TASK DETAILS |
A verbatim reproduction of the lines below, from the line containing "Manual Switch/1 -> Manual Switch2/1" through the line containing "MATLAB Function/1(drive_force_act_new) ->", both ends included, is the whole required output.

[Records from a collection]
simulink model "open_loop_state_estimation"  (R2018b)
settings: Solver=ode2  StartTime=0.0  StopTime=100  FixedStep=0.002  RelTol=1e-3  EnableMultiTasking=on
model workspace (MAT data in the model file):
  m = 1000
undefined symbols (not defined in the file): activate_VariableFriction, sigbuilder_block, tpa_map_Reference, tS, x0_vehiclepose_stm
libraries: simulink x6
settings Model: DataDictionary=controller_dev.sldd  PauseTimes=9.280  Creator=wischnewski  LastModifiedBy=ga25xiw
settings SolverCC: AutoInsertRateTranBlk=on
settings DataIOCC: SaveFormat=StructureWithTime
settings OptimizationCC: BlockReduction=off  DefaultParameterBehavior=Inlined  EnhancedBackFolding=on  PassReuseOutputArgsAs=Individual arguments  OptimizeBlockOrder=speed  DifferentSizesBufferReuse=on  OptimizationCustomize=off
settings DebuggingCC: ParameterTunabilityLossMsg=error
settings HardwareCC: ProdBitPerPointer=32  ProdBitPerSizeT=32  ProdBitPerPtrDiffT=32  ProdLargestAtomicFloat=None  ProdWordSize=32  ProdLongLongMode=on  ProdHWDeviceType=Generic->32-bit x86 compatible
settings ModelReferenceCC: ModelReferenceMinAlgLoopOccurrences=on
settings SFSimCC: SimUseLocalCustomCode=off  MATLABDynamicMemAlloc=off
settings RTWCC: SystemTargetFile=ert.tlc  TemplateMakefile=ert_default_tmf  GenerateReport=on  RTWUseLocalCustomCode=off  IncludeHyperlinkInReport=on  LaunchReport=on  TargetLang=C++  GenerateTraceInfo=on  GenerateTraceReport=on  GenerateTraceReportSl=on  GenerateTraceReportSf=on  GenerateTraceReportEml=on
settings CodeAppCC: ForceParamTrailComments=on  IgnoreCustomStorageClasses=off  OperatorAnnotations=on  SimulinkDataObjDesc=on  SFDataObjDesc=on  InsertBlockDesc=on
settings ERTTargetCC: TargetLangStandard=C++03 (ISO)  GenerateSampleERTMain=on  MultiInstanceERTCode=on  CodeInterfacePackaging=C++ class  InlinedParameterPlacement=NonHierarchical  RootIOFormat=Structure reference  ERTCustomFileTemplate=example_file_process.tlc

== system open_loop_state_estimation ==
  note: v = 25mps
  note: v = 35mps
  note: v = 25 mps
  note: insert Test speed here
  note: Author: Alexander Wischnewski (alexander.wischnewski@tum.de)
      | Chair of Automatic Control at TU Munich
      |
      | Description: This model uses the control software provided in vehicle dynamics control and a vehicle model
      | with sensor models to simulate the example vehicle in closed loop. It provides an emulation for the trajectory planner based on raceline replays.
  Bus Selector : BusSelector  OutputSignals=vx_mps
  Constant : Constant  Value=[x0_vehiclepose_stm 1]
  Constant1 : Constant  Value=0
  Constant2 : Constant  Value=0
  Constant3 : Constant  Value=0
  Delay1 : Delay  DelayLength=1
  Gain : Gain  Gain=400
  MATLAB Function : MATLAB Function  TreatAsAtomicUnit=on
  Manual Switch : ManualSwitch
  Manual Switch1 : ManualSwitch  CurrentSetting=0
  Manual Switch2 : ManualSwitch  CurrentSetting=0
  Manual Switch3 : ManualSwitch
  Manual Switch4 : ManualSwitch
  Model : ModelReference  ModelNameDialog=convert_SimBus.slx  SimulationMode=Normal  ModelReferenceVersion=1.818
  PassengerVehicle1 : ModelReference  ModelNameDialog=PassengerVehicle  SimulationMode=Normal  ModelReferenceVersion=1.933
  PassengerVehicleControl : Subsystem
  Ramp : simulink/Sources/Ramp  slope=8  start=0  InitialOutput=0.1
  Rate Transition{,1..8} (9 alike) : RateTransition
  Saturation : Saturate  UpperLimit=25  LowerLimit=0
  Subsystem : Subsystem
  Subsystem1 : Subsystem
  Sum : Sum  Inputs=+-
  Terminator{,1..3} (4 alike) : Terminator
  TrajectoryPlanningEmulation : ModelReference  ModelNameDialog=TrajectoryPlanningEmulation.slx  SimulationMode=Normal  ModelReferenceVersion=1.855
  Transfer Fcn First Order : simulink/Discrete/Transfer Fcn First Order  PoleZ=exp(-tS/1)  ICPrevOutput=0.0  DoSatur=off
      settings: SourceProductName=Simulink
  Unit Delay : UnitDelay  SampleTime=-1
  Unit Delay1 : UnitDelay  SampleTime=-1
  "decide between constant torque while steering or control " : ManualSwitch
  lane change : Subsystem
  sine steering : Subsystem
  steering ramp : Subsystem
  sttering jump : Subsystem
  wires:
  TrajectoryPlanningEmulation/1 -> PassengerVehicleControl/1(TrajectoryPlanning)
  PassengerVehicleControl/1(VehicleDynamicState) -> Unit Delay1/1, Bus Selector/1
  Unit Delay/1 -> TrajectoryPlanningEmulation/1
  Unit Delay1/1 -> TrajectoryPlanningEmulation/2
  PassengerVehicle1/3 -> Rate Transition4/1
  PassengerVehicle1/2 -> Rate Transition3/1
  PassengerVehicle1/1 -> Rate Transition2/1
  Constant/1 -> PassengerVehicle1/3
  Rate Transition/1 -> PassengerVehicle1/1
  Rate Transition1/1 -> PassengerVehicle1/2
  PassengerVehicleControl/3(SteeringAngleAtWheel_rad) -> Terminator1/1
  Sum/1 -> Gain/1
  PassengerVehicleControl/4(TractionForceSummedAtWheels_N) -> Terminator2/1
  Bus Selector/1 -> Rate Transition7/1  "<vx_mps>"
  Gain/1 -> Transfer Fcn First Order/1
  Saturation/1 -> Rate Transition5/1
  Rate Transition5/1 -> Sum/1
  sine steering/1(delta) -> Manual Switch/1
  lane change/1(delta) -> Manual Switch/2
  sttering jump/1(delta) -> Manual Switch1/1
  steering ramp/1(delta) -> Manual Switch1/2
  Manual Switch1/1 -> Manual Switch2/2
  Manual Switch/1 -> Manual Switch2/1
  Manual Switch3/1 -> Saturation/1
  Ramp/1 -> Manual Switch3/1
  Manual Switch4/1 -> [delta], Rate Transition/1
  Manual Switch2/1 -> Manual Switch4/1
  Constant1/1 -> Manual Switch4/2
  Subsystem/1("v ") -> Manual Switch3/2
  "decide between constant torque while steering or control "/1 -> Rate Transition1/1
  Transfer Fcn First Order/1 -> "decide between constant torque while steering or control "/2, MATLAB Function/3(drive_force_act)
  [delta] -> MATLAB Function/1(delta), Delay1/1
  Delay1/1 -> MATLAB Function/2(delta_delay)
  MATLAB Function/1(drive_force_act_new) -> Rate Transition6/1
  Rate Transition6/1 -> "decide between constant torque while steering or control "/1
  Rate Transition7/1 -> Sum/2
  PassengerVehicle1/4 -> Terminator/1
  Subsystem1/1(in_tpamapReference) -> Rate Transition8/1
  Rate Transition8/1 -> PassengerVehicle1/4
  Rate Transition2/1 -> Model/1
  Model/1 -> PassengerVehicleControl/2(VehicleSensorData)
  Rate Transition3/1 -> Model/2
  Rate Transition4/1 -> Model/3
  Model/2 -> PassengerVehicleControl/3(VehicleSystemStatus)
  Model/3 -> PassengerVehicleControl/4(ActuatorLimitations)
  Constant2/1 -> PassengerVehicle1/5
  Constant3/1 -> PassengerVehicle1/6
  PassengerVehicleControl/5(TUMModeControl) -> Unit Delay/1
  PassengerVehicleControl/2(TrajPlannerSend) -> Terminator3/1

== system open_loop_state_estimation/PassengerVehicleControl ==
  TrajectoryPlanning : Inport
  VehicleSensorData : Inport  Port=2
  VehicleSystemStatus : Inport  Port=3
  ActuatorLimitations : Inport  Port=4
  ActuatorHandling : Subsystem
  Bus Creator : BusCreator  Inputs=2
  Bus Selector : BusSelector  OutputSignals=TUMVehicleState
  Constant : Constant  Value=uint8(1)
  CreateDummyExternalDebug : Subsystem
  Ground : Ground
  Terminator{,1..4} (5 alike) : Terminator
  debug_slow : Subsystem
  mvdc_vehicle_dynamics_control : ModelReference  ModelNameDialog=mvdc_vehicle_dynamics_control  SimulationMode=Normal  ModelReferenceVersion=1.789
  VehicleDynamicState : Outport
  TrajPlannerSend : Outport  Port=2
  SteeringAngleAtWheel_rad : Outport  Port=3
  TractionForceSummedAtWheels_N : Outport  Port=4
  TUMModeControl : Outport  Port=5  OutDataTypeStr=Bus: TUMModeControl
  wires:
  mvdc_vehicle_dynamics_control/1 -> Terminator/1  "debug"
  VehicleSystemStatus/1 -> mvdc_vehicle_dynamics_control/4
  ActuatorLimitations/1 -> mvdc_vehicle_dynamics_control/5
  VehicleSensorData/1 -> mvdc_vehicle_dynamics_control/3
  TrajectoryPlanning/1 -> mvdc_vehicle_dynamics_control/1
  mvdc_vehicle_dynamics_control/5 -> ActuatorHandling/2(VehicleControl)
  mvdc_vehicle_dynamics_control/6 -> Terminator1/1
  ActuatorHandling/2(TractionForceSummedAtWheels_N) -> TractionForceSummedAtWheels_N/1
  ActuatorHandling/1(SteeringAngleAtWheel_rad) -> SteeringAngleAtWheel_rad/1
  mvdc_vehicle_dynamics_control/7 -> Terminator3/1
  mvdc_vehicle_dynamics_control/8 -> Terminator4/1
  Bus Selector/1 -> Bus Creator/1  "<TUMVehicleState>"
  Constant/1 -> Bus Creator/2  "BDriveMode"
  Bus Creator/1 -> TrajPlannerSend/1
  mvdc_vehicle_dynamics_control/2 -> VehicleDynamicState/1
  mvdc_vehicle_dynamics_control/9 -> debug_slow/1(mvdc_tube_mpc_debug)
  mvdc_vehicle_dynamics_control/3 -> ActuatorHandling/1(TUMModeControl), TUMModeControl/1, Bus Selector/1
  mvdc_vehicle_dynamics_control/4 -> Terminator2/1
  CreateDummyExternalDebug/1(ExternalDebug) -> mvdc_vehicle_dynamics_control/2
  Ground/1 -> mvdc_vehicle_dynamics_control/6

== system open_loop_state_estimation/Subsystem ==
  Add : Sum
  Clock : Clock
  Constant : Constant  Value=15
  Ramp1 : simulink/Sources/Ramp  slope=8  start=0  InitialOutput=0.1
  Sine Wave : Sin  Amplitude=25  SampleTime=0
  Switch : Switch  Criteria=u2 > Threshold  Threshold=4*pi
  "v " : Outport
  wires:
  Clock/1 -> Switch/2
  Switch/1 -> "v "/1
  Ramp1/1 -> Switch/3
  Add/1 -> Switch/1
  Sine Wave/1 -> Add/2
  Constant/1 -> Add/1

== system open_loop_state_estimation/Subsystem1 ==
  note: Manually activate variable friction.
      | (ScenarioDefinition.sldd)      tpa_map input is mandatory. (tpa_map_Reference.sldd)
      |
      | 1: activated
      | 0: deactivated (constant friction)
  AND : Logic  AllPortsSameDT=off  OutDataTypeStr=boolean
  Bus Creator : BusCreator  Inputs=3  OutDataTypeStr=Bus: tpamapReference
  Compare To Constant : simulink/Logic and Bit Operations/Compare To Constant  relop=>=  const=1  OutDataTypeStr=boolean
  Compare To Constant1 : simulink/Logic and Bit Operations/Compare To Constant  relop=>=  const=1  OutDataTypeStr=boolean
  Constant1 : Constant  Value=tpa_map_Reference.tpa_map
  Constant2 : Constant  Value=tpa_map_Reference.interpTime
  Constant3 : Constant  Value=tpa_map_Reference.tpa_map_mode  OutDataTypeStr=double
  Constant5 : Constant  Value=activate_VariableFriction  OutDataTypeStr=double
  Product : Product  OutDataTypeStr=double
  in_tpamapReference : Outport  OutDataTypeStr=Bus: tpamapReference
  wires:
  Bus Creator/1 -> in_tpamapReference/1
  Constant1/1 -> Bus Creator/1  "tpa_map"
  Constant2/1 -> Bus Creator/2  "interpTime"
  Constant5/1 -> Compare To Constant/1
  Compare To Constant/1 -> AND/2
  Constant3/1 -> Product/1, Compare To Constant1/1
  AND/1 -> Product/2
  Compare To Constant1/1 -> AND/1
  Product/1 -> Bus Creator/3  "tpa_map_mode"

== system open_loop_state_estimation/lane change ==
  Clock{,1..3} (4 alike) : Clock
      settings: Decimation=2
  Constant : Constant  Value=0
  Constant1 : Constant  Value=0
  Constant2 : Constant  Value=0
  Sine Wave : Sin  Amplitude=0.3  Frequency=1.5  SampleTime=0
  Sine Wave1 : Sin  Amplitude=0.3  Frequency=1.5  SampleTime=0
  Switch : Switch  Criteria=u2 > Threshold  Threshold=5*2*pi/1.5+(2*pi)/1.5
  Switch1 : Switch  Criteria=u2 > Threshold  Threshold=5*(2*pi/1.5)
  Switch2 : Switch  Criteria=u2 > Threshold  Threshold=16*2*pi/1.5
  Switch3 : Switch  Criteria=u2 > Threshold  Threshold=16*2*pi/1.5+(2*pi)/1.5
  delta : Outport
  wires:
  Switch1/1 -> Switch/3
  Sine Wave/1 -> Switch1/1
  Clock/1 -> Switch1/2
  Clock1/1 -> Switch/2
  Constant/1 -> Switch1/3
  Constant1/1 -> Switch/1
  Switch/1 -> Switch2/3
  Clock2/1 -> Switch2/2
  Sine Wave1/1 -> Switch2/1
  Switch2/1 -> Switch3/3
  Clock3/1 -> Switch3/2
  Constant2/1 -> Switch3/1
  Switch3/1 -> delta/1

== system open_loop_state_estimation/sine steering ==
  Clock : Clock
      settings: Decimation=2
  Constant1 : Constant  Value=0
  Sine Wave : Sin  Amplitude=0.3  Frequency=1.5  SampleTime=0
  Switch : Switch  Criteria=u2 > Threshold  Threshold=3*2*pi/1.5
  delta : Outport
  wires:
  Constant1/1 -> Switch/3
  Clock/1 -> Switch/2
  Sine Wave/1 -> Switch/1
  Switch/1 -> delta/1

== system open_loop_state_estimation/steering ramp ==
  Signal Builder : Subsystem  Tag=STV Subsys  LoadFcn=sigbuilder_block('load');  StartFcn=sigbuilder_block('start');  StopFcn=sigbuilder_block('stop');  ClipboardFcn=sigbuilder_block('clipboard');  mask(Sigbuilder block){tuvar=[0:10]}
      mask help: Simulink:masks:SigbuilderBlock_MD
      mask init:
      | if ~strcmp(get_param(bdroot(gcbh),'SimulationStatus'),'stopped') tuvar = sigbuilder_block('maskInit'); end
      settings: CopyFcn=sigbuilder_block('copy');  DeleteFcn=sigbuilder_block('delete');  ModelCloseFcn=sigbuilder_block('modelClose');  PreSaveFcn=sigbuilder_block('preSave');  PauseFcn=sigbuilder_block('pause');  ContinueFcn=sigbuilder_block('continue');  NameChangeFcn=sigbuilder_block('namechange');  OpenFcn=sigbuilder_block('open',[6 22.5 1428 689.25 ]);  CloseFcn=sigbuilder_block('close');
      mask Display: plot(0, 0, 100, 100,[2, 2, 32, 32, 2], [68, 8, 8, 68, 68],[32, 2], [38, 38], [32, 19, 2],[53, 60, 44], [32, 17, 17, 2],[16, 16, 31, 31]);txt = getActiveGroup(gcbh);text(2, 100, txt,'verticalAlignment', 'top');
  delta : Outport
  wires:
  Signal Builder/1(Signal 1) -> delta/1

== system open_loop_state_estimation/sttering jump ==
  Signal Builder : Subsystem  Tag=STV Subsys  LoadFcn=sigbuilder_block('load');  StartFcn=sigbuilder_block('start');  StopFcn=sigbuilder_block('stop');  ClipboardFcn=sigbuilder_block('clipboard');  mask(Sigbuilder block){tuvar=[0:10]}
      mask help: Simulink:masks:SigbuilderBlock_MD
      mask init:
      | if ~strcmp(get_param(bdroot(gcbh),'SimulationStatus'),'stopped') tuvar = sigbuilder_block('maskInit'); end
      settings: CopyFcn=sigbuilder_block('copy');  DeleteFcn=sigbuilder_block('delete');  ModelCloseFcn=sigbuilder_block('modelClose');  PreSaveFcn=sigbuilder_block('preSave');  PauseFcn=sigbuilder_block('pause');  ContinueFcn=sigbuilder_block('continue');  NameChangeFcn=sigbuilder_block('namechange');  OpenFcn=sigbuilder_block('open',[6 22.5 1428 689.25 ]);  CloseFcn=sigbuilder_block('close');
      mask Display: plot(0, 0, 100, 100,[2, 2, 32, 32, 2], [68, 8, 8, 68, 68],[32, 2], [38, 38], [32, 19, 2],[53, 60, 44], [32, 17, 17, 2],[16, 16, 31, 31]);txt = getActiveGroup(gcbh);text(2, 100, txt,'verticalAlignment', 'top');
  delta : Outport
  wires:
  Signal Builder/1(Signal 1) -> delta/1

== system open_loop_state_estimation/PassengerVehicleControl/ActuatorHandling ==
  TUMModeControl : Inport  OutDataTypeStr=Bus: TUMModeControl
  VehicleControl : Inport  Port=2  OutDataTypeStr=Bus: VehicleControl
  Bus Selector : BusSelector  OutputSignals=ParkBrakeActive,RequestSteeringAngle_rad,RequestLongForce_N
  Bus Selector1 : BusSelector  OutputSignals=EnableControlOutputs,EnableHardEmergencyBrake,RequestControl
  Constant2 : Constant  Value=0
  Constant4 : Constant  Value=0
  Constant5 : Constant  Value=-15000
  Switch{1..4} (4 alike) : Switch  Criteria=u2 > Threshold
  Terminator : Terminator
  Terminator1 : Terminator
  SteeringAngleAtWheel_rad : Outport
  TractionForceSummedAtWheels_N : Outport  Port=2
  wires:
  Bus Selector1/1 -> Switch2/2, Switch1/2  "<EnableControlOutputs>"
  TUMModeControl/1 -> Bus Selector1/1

RESPONSE BOX |
  Manual Switch/1 -> Manual Switch2/1
  Manual Switch3/1 -> Saturation/1
  Ramp/1 -> Manual Switch3/1
  Manual Switch4/1 -> [delta], Rate Transition/1
  Manual Switch2/1 -> Manual Switch4/1
  Constant1/1 -> Manual Switch4/2
  Subsystem/1("v ") -> Manual Switch3/2
  "decide between constant torque while steering or control "/1 -> Rate Transition1/1
  Transfer Fcn First Order/1 -> "decide between constant torque while steering or control "/2, MATLAB Function/3(drive_force_act)
  [delta] -> MATLAB Function/1(delta), Delay1/1
  Delay1/1 -> MATLAB Function/2(delta_delay)
  MATLAB Function/1(drive_force_act_new) -> Rate Transition6/1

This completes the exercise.